A thread about Brewdog's marketing over on Urban75 caught my eye recently . The original poster is not keen, as you can tell by the thread title: "
BrewDog: yet another hip company using 'rebel' language to sell its stuff ". It can't be denied that Brewdog's marketing has been very successful though. A
link posted on the thread offers some insight into this. It's a long article, so I've copied and pasted some choice quotes that someone culled from it. Despite being written back in the 90s it still seems relevant when it makes the case that the image of the rebel is the mainstream way in which businesses present themselves.
"No social group
is more audibly or visibly “radical” than artists, musicians, and
writers, and ... capitalism seems to have
elevated these malcontents to positions of power and responsibility.
And just think of the results: now we are sold cars by an army of
earringed, dreadlocked, goateed, tattooed, and guitar-bearing rebels
rather than the lab-coated authority figures of the past. But even while
we live in times in which ostentatious displays of rebellion are
celebrated and admired as much as the building of grandiose imitations
of Versailles and the burning of hundred-dollar-bills were once, we are
constantly reminded of their meaninglessness, their irrelevance to
questions of actual power. For all our radical soda pops, our
alternative lifestyles, and the uninhibited howls of our hamburger
stands, we seem to have no problem with the fact of business control
over every aspect of public expression."
"For consumerism
is no longer about “conformity” but about “difference.” Advertising
teaches us not in the ways of puritanical self-denial (a bizarre notion
on the face of it), but in orgiastic, never-ending self-fulfillment. It
counsels not rigid adherence to the tastes of the herd but vigilant and
constantly-updated individualism. We consume not to fit in, but to
prove, on the surface at least, that we are rock ‘n’ roll rebels, each
one of us as rule-breaking and hierarchy-defying as our heroes of the
sixties, who now pitch cars, shoes, and beer. This imperative of endless
difference, not that dread “conformity,” is the genius at the heart of
American capitalism, the eternal fleeing from “sameness” that gives us a
thirst for the New and satiates it with such achievements of
civilization as the infinite brands of identical cola, the myriad colors
and irrepressible variety of the cigarette rack at 7-11."
"As
countercultural rebellion becomes corporate ideology, even the beloved
Buddhism of the Beats has a place on the executive bookshelf. In The Leader as Martial Artist (1993)

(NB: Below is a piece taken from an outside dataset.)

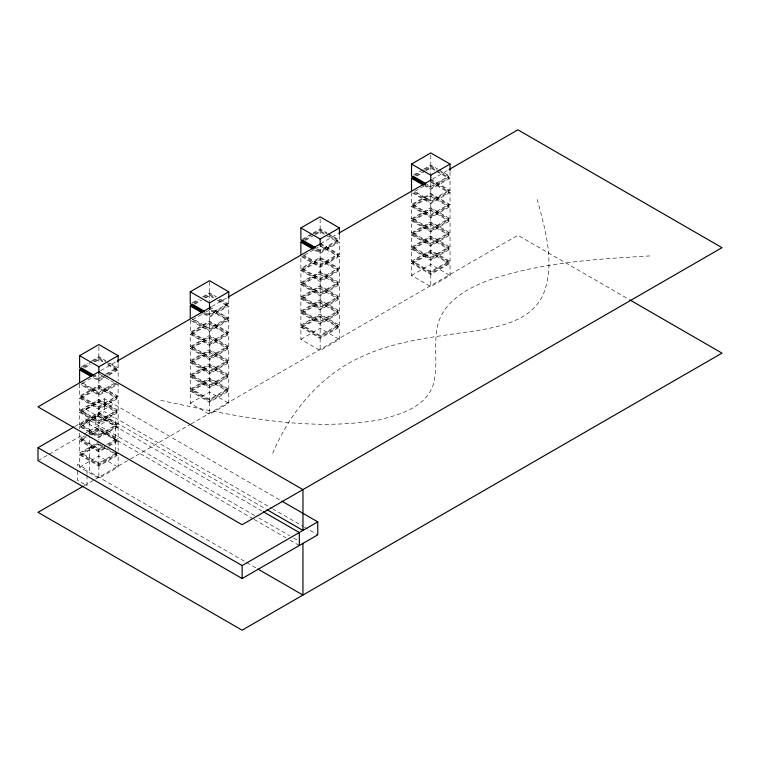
<?xml version="1.0" encoding="UTF-8"?>
<svg xmlns="http://www.w3.org/2000/svg" width="760" height="760" viewBox="0 0 760 760"><rect width="100%" height="100%" fill="white"/><g stroke="black" fill="none" stroke-linecap="round" stroke-linejoin="round"><path stroke-width="0.57" stroke-dasharray="3.8 2.85" d="M272.678 453.378C290.149 411.616 321.176 374.3 363.27 355.946C399.342 339.606 439.261 336.414 477.897 330.448C501.961 326.363 530.328 319.903 542.488 296.201C555.987 265.231 545.509 230.46 537.253 199.538M81.643 366.671L87.723 363.156M91.779 360.81L98.876 356.716L105.972 360.81M192.28 302.793L198.36 299.278M202.416 296.941L209.513 292.837L216.609 296.941M301.901 239.505L312.037 233.652M313.053 233.064L320.15 228.969L327.247 233.064M413.544 175.047L422.674 169.774M423.69 169.185L430.787 165.091L437.883 169.185M83.125 366.7L91.988 361.589M92.967 361.019L98.876 357.608L105.773 361.589M193.762 302.822L199.671 299.411M203.604 297.141L209.513 293.731L215.422 297.141M303.411 239.523L312.274 234.403M313.253 233.833L320.15 229.852L327.037 233.833M415.026 175.075L420.935 171.665M424.878 169.394L430.787 165.984L436.696 169.394M83.666 367.526L89.756 364.012M93.812 361.665L98.876 358.739L103.949 361.665M194.303 303.648L200.393 300.133M204.44 297.797L209.513 294.87L214.586 297.797M304.94 239.77L311.02 236.265M315.077 233.918L320.15 230.993L325.213 233.918M415.577 175.902L424.697 170.63M425.714 170.041L430.787 167.114L435.851 170.041M85.091 367.593L91.001 364.183M94.943 361.902L98.876 359.632L102.819 361.902M194.74 304.285L201.637 300.305M205.57 298.034L209.513 295.754L213.456 298.034M305.377 240.407L314.241 235.296M315.229 234.726L320.15 231.885L325.071 234.726M417.002 175.968L424.878 171.418M425.866 170.848L430.787 168.007L435.708 170.848M100.681 370.69L116.099 361.788M211.669 306.613L227.164 297.663M320.587 243.722L338.058 233.643M432.335 179.218L448.01 170.155M82.137 383.477L95.921 375.516M201.637 314.488L191.786 320.169L209.513 330.401L227.24 320.169L227.24 318.145L209.513 307.914M205.57 312.217L209.513 309.938L227.24 320.169M304.399 255.16L315.229 248.909M316.207 248.34L318.183 247.199M423.89 186.171L413.06 192.423L430.787 202.654L448.505 192.423L448.505 190.399L430.787 180.167M101.83 376.361L98.876 378.072L94.943 375.791M105.773 374.091L116.603 367.84L116.603 369.863L108.727 374.414M204.592 313.376L209.513 316.217L227.24 305.985L227.24 303.962L209.513 314.194L205.57 311.923M316.207 250.069L320.15 252.348L337.867 242.117L337.867 240.084L320.15 250.315L316.207 248.045M424.878 185.06L430.787 188.47L448.505 178.239L448.505 176.215L430.787 186.447L426.844 184.167M105.972 374.86L98.876 378.955L94.819 376.618M106.989 374.281L118.142 367.84L118.142 363.413M228.779 299.544L228.779 303.962L209.513 315.087L205.457 312.74M339.416 235.666L339.416 240.084L320.15 251.208L316.094 248.872M450.043 171.788L450.043 176.215L430.787 187.331L426.73 184.993M104.785 376.684L98.876 380.095L93.955 377.255M108.005 375.715L98.876 380.988L91.779 376.884M109.012 375.136L118.142 369.863L118.142 380.912M192.28 319.314L209.513 329.27L228.779 318.145L228.779 305.985L209.513 317.11L203.433 313.595M302.917 255.445L320.15 265.392L339.416 254.267L339.416 242.117L320.15 253.232L314.07 249.726M414.561 192.147L430.787 201.514L450.043 190.399L450.043 178.239L430.787 189.364L424.697 185.848M79.61 384.047L79.61 396.207L98.876 385.082L118.142 396.207L118.142 384.047L98.876 395.171L80.627 384.636M190.247 320.169L190.247 332.329L209.513 321.204L228.779 332.329L228.779 320.169L209.513 309.054L209.513 401.318L191.786 391.087L191.786 389.053L209.513 378.822L227.24 389.053L227.24 391.087L209.513 401.318M339.416 256.3L320.15 267.416L300.884 256.3L300.884 268.451L320.15 257.336L339.416 268.451L339.416 256.3L320.15 245.176L320.15 337.44L337.867 327.209L337.867 325.185L320.15 314.953L302.423 325.185L302.423 327.209L320.15 337.44M411.521 192.423L411.521 204.582L430.787 193.458L450.043 204.582L450.043 192.423L430.787 181.298L430.787 273.562L448.505 263.33L448.505 261.307L430.787 251.076L413.06 261.307L413.06 263.33L430.787 273.562M81.159 396.207L98.876 385.976L116.603 396.207L116.603 398.231L98.876 408.462L81.159 398.231L81.159 396.207L98.876 406.438L116.603 396.207M191.786 332.329L209.513 322.097L227.24 332.329L227.24 334.352L209.513 344.584L191.786 334.352L191.786 332.329L209.513 342.56L227.24 332.329M302.423 268.451L320.15 258.219L337.867 268.451L337.867 270.474L320.15 280.716L302.423 270.474L302.423 268.451L320.15 278.683L337.867 268.451M413.06 204.582L430.787 194.351L448.505 204.582L448.505 206.606L430.787 216.837L413.06 206.606L413.06 204.582L430.787 214.814L448.505 204.582M79.61 398.231L98.876 387.106L118.142 398.231L118.142 410.381L98.876 421.505L79.61 410.381L79.61 398.231L98.876 409.355L118.142 398.231M190.247 334.352L209.513 323.228L228.779 334.352L228.779 346.512L209.513 357.627L190.247 346.512L190.247 334.352L209.513 345.477L228.779 334.352M300.884 270.474L320.15 259.359L339.416 270.474L339.416 282.635L320.15 293.759L300.884 282.635L300.884 270.474L320.15 281.599L339.416 270.474M411.521 206.606L430.787 195.482L450.043 206.606L450.043 218.756L430.787 229.881L411.521 218.756L411.521 206.606L430.787 217.73L450.043 206.606M81.159 398.231L98.876 387.999L116.603 398.231M191.786 334.352L209.513 324.121L227.24 334.352M302.423 270.474L320.15 260.243L337.867 270.474M413.06 206.606L430.787 196.375L448.505 206.606M114.627 383.154L98.876 392.255L82.137 382.584M227.24 318.145L209.513 328.377L193.762 319.285M302.423 256.3L320.15 266.532L337.867 256.3L337.867 254.267L320.15 264.499L304.399 255.407M448.505 190.399L430.787 200.63L415.026 191.53M117.126 382.603L98.876 393.138L81.643 383.192M116.603 384.047L98.876 394.278L81.159 384.047M228.779 320.169L209.513 331.293L191.263 320.758M450.043 192.423L430.787 203.547L412.537 193.011M79.61 410.381L98.876 399.266L118.142 410.381M190.247 346.512L209.513 335.388L228.779 346.512M300.884 282.635L320.15 271.51L339.416 282.635M411.521 218.756L430.787 207.641L450.043 218.756M81.159 410.381L98.876 400.149L116.603 410.381L116.603 412.414L98.876 422.645L81.159 412.414L81.159 410.381L98.876 420.622L116.603 410.381M191.786 346.512L209.513 336.281L227.24 346.512L227.24 348.536L209.513 358.767L191.786 348.536L191.786 346.512L209.513 356.744L227.24 346.512M302.423 282.635L320.15 272.403L337.867 282.635L337.867 284.658L320.15 294.889L302.423 284.658L302.423 282.635L320.15 292.866L337.867 282.635M413.06 218.756L430.787 208.525L448.505 218.756L448.505 220.789L430.787 231.021L413.06 220.789L413.06 218.756L430.787 228.988L448.505 218.756M79.61 412.414L98.876 401.29L118.142 412.414L118.142 424.565L98.876 435.689L79.61 424.565L79.61 412.414L98.876 423.529L118.142 412.414M190.247 348.536L209.513 337.411L228.779 348.536L228.779 360.696L209.513 371.811L190.247 360.696L190.247 348.536L209.513 359.66L228.779 348.536M300.884 284.658L320.15 273.543L339.416 284.658L339.416 296.818L320.15 307.942L300.884 296.818L300.884 284.658L320.15 295.783L339.416 284.658M411.521 220.789L430.787 209.665L450.043 220.789L450.043 232.94L430.787 244.065L411.521 232.94L411.521 220.789L430.787 231.905L450.043 220.789M253.156 518.871L85.947 422.332L85.947 409.365L104.414 398.696L280.839 500.555M81.159 412.414L98.876 402.183L116.603 412.414M191.786 348.536L209.513 338.305L227.24 348.536M302.423 284.658L320.15 274.426L337.867 284.658M413.06 220.789L430.787 210.558L448.505 220.789M118.142 396.207L98.876 407.322L79.61 396.207M228.779 332.329L209.513 343.453L190.247 332.329M339.416 268.451L320.15 279.576L300.884 268.451M450.043 204.582L430.787 215.697L411.521 204.582M74.755 426.483L113.648 404.026M79.61 424.565L98.876 413.449L118.142 424.565M190.247 360.696L209.513 349.572L228.779 360.696M300.884 296.818L320.15 285.694L339.416 296.818M411.521 232.94L430.787 221.825L450.043 232.94M81.159 424.565L98.876 414.333L116.603 424.565L116.603 426.597L98.876 436.829L81.159 426.597L81.159 424.565L98.876 434.796L116.603 424.565M191.786 360.696L209.513 350.464L227.24 360.696L227.24 362.719L209.513 372.951L191.786 362.719L191.786 360.696L209.513 370.927L227.24 360.696M302.423 296.818L320.15 286.587L337.867 296.818L337.867 298.841L320.15 309.073L302.423 298.841L302.423 296.818L320.15 307.049L337.867 296.818M413.06 232.94L430.787 222.708L448.505 232.94L448.505 234.973L430.787 245.204L413.06 234.973L413.06 232.94L430.787 243.171L448.505 232.94M85.947 422.332L104.414 411.663L271.605 508.193M79.61 428.801L79.61 426.597L98.876 415.473L118.142 426.597L118.142 438.748L106.989 445.189M190.247 362.719L209.513 351.595L228.779 362.719L228.779 374.88L209.513 385.994L190.247 374.88L190.247 362.719L209.513 373.844L228.779 362.719M300.884 298.841L320.15 287.726L339.416 298.841L339.416 311.001L320.15 322.126L300.884 311.001L300.884 298.841L320.15 309.966L339.416 298.841M411.521 234.973L430.787 223.848L450.043 234.973L450.043 247.123L430.787 258.248L411.521 247.123L411.521 234.973L430.787 246.088L450.043 234.973M81.159 426.597L98.876 416.366L116.603 426.597M191.786 362.719L209.513 352.488L227.24 362.719M302.423 298.841L320.15 288.61L337.867 298.841M413.06 234.973L430.787 224.741L448.505 234.973M38 460.674L48.212 454.784M49.229 454.195L82.925 434.739M83.951 434.15L113.648 417.002M79.61 433.228L79.61 438.748L84.683 435.822M88.739 433.485L98.876 427.633L118.142 438.748M190.247 374.88L209.513 363.755L228.779 374.88M300.884 311.001L320.15 299.877L339.416 311.001M411.521 247.123L430.787 236.008L450.043 247.123M104.785 447.602L98.876 451.012L81.159 440.781L81.159 438.748L88.046 434.767M89.034 434.207L98.876 428.516L116.603 438.748L116.603 440.781L108.727 445.322M191.786 374.88L209.513 364.648L227.24 374.88L227.24 376.903L209.513 387.134L191.786 376.903L191.786 374.88L209.513 385.111L227.24 374.88M302.423 311.001L320.15 300.77L337.867 311.001L337.867 313.025L320.15 323.256L302.423 313.025L302.423 311.001L320.15 321.233L337.867 311.001M413.06 247.123L430.787 236.892L448.505 247.123L448.505 249.156L430.787 259.388L413.06 249.156L413.06 247.123L430.787 257.355L448.505 247.123M118.142 452.931L98.876 464.056L79.61 452.931L79.61 440.781L88.739 435.508M89.756 434.919L98.876 429.656L118.142 440.781L118.142 450.727M190.247 376.903L209.513 365.778L228.779 376.903L228.779 389.053L209.513 400.178L190.247 389.053L190.247 376.903L209.513 388.027L228.779 376.903M300.884 313.025L320.15 301.901L339.416 313.025L339.416 325.185L320.15 336.309L300.884 325.185L300.884 313.025L320.15 324.149L339.416 313.025M411.521 249.156L430.787 238.032L450.043 249.156L450.043 261.307L430.787 272.431L411.521 261.307L411.521 249.156L430.787 260.272L450.043 249.156M81.159 440.781L87.058 437.37M91.001 435.09L98.876 430.54L116.603 440.781M191.786 376.903L209.513 366.671L227.24 376.903M302.423 313.025L320.15 302.793L337.867 313.025M413.06 249.156L430.787 238.916L448.505 249.156M118.142 426.597L98.876 437.712L79.61 426.597M79.61 452.931L98.876 441.807M190.247 389.053L209.513 377.938L228.779 389.053M300.884 325.185L320.15 314.06L339.416 325.185M411.521 261.307L430.787 250.183L450.043 261.307M116.603 452.931L116.603 454.955L98.876 465.186L81.159 454.955L81.159 452.931L98.876 442.7M79.61 454.955L98.876 466.079L118.142 454.955L118.142 467.115L98.876 478.24L79.61 467.115L79.61 454.955L98.876 443.84L98.876 465.186M190.247 391.087L209.513 379.962L228.779 391.087L228.779 403.237L209.513 414.361L190.247 403.237L190.247 391.087L209.513 402.202L228.779 391.087M300.884 327.209L320.15 316.084L339.416 327.209L339.416 339.368L320.15 350.483L300.884 339.368L300.884 327.209L320.15 338.333L339.416 327.209M411.521 263.33L430.787 252.215L450.043 263.33L450.043 275.49L430.787 286.615L411.521 275.49L411.521 263.33L430.787 274.455L450.043 263.33M81.159 454.955L98.876 444.724L116.603 454.955M191.786 391.087L209.513 380.855L227.24 391.087M302.423 327.209L320.15 316.977L337.867 327.209M413.06 263.33L430.787 253.099L448.505 263.33M102.819 446.709L98.876 448.979L81.159 438.748M106.751 444.438L116.603 438.748M105.972 445.778L98.876 449.873L79.61 438.748M104.956 448.39L98.876 451.896L79.61 440.781M109.012 446.044L118.142 440.781M79.61 467.115L98.876 455.99L118.142 467.115M190.247 403.237L209.513 392.122L228.779 403.237M300.884 339.368L320.15 328.244L339.416 339.368M411.521 275.49L430.787 264.366L450.043 275.49M115.615 453.501L98.876 463.163L81.159 452.931M227.24 389.053L209.513 399.294L191.786 389.053M337.867 325.185L320.15 335.416L302.423 325.185M448.505 261.307L430.787 271.538L413.06 261.307M84.246 485.649L94.515 479.712M95.541 479.123L129.457 459.543M130.482 458.945L190.085 424.536M191.111 423.947L517.892 235.277L628.663 299.231M649.819 255.93C595.545 259.131 540.189 262.438 488.395 280.345C468.587 287.983 447.137 299.307 439.175 320.349C431.936 341.468 439.394 364.401 432.924 385.662C424.878 407.769 399 414.969 378.433 420.023C305.567 432.421 231.638 415.34 160.502 400.33M438.89 169.774L450.043 176.215M440.629 171.665L448.505 176.215M436.867 170.63L450.043 178.239M436.696 171.418L448.505 178.239M430.787 179.274L450.043 190.399M430.787 182.191L448.505 192.423M328.263 233.652L339.416 240.084M328.026 234.403L337.867 240.084M329.27 236.265L339.416 242.117M326.059 235.296L337.867 242.117M320.15 243.152L339.416 254.267M320.15 244.036L337.867 254.267M320.15 246.069L337.867 256.3M220.666 299.278L228.779 303.962M219.355 299.411L227.24 303.962M218.642 300.133L228.779 305.985M217.388 300.305L227.24 305.985M209.513 307.021L228.779 318.145M110.029 363.156L118.142 367.84M106.751 362.149L116.603 367.84M108.005 364.012L118.142 369.863M107.739 364.752L116.603 369.863M99.864 374.385L109.706 380.066M110.694 380.637L113.648 382.337M272.631 508.782L303.401 526.547M304.427 527.145L317.765 534.841M98.828 412.585L266.048 509.124M85.947 409.365L262.39 511.233M254.733 515.565L89.594 420.223L89.594 435.49M258.837 517.931L289.608 535.695M293.712 538.07L297.815 540.436M254.163 519.45L285.988 537.823M290.063 540.17L299.326 545.519M99.892 444.419L102.932 446.177M106.989 448.523L116.109 453.786M255.759 567.825L89.594 471.894L89.594 436.658M430.787 155.144L430.787 165.091M430.787 165.984L430.787 173.745M430.787 274.455L430.787 286.615M320.15 219.023L320.15 228.969M320.15 229.852L320.15 236.521M320.15 338.333L320.15 350.483M209.513 281.789L209.513 292.837M209.513 293.731L209.513 301.501M209.513 402.202L209.513 414.361M115.444 420.745L115.444 449.635M115.444 450.784L115.444 456.57M104.414 398.696L104.414 411.663M98.876 346.769L98.876 356.716M98.876 357.608L98.876 364.268M98.876 372.923L98.876 439.926M98.876 466.079L98.876 478.24M95.18 414.694L95.18 427.661M87.01 474.202L87.01 469.594L77.71 464.227L77.71 468.825M87.01 475.351L87.01 485.716L77.71 480.349L77.71 469.984"/><path stroke-width="1.14" d="M93.812 376.029L79.61 367.84L79.61 355.68L98.876 344.555L118.142 355.68L118.142 362.311M204.44 312.16L190.247 303.962L190.247 291.802L209.513 280.687L228.779 291.802L228.779 298.433M315.077 248.282L300.884 240.084L300.884 227.934L320.15 216.809L339.416 227.934L339.416 234.564M425.714 184.405L411.521 176.215L411.521 164.055L430.787 152.931L450.043 164.055L450.043 170.686M79.61 382.023L79.61 369.863L81.643 368.695M190.247 318.145L190.247 305.985L192.28 304.817M300.884 254.267L300.884 242.117L302.917 240.939M411.521 190.399L411.521 178.239L413.544 177.07M79.61 355.68L98.876 366.805L118.142 355.68M190.247 291.802L209.513 302.926L228.779 291.802M300.884 227.934L320.15 239.048L339.416 227.934M411.521 164.055L430.787 175.18L450.043 164.055M98.629 371.877L38 406.875L242.107 524.723L722 247.655L517.892 129.817L449.046 169.566M117.126 361.199L210.757 307.135M228.105 297.122L320.52 243.77M338.979 233.111L430.54 180.243M281.865 501.144L317.765 521.873L317.765 534.841L242.136 578.531L38 460.674L38 447.706L73.739 427.072M83.21 486.238L38 512.344L242.107 630.183L722 353.124L629.688 299.829M242.136 578.531L242.136 565.563L317.765 521.873M425.866 183.607L413.06 176.215L413.06 178.239L423.89 184.49M411.521 178.239L423.69 185.259M315.229 247.475L302.423 240.084L302.423 242.117L313.253 248.368M300.884 242.117L313.053 249.137M204.592 311.353L191.786 303.962L191.786 305.985L202.625 312.246M190.247 305.985L202.416 313.015M98.828 371.754L302.974 489.62L302.974 530.442L267.064 509.713M93.955 375.231L81.159 367.84L81.159 369.863L91.988 376.115M79.61 369.863L90.763 376.305M263.387 511.803L299.326 532.551M257.811 569.003L302.945 595.061L302.945 543.4M38 447.706L242.136 565.563M430.787 175.18L430.787 181.811M320.15 239.048L320.15 245.679M299.288 532.532L299.326 545.519M209.513 302.926L209.513 309.558M98.876 366.805L98.876 373.435"/></g></svg>

Arnold Mindell, “Ph.D.,” advises men of commerce in the wise ways of
the Tao, which he compares to “surfing the edge of a turbulent wave.”
For the Zen businessman the world is the same wildly chaotic place of
opportunity that it is for the followers of Tom Peters, although an
enlightened “leader” knows how to discern the “timespirits” at work
behind the scenes"
"The problem with
cultural dissent in America isn’t that it’s been co-opted, absorbed, or
ripped-off. Of course it’s been all of these things. But the reason it
has proven so hopelessly susceptible to such assaults is the same as the
reason it has become so harmless in the first place, so toothless ... it is no longer any different from the official
culture it’s supposed to be subverting. The basic impulses of the
countercultural idea, as descended from the holy Beats, are about as
threatening to the new breed of antinomian businessmen as Anthony
Robbins, selling success and how to achieve it on a late-night
infomercial."
"Alongside the
hyper-rational, hyper-efficient Organization envisioned by America’s
premier managers there also developed an emotional and religious
conception of business practice, a cult of Positive Thinking that was
even more hostile to cultural memory than was the dominant cult of
Efficiency. In the writing of the Positive Thinkers anti-historicism
reached a new plateau of sophistication: the annoyances of history and
cultural particularity were not just to be over-paved, but levelled ,
reduced to a convenient flatness where every epoch was exactly like the
present as far back as the eye could see. The economic struggle of
daily life was and had always been a matter of individual men and
God, a question of just how positively each up-and-coming entrepreneur
could think, just how blindly he could pursue success."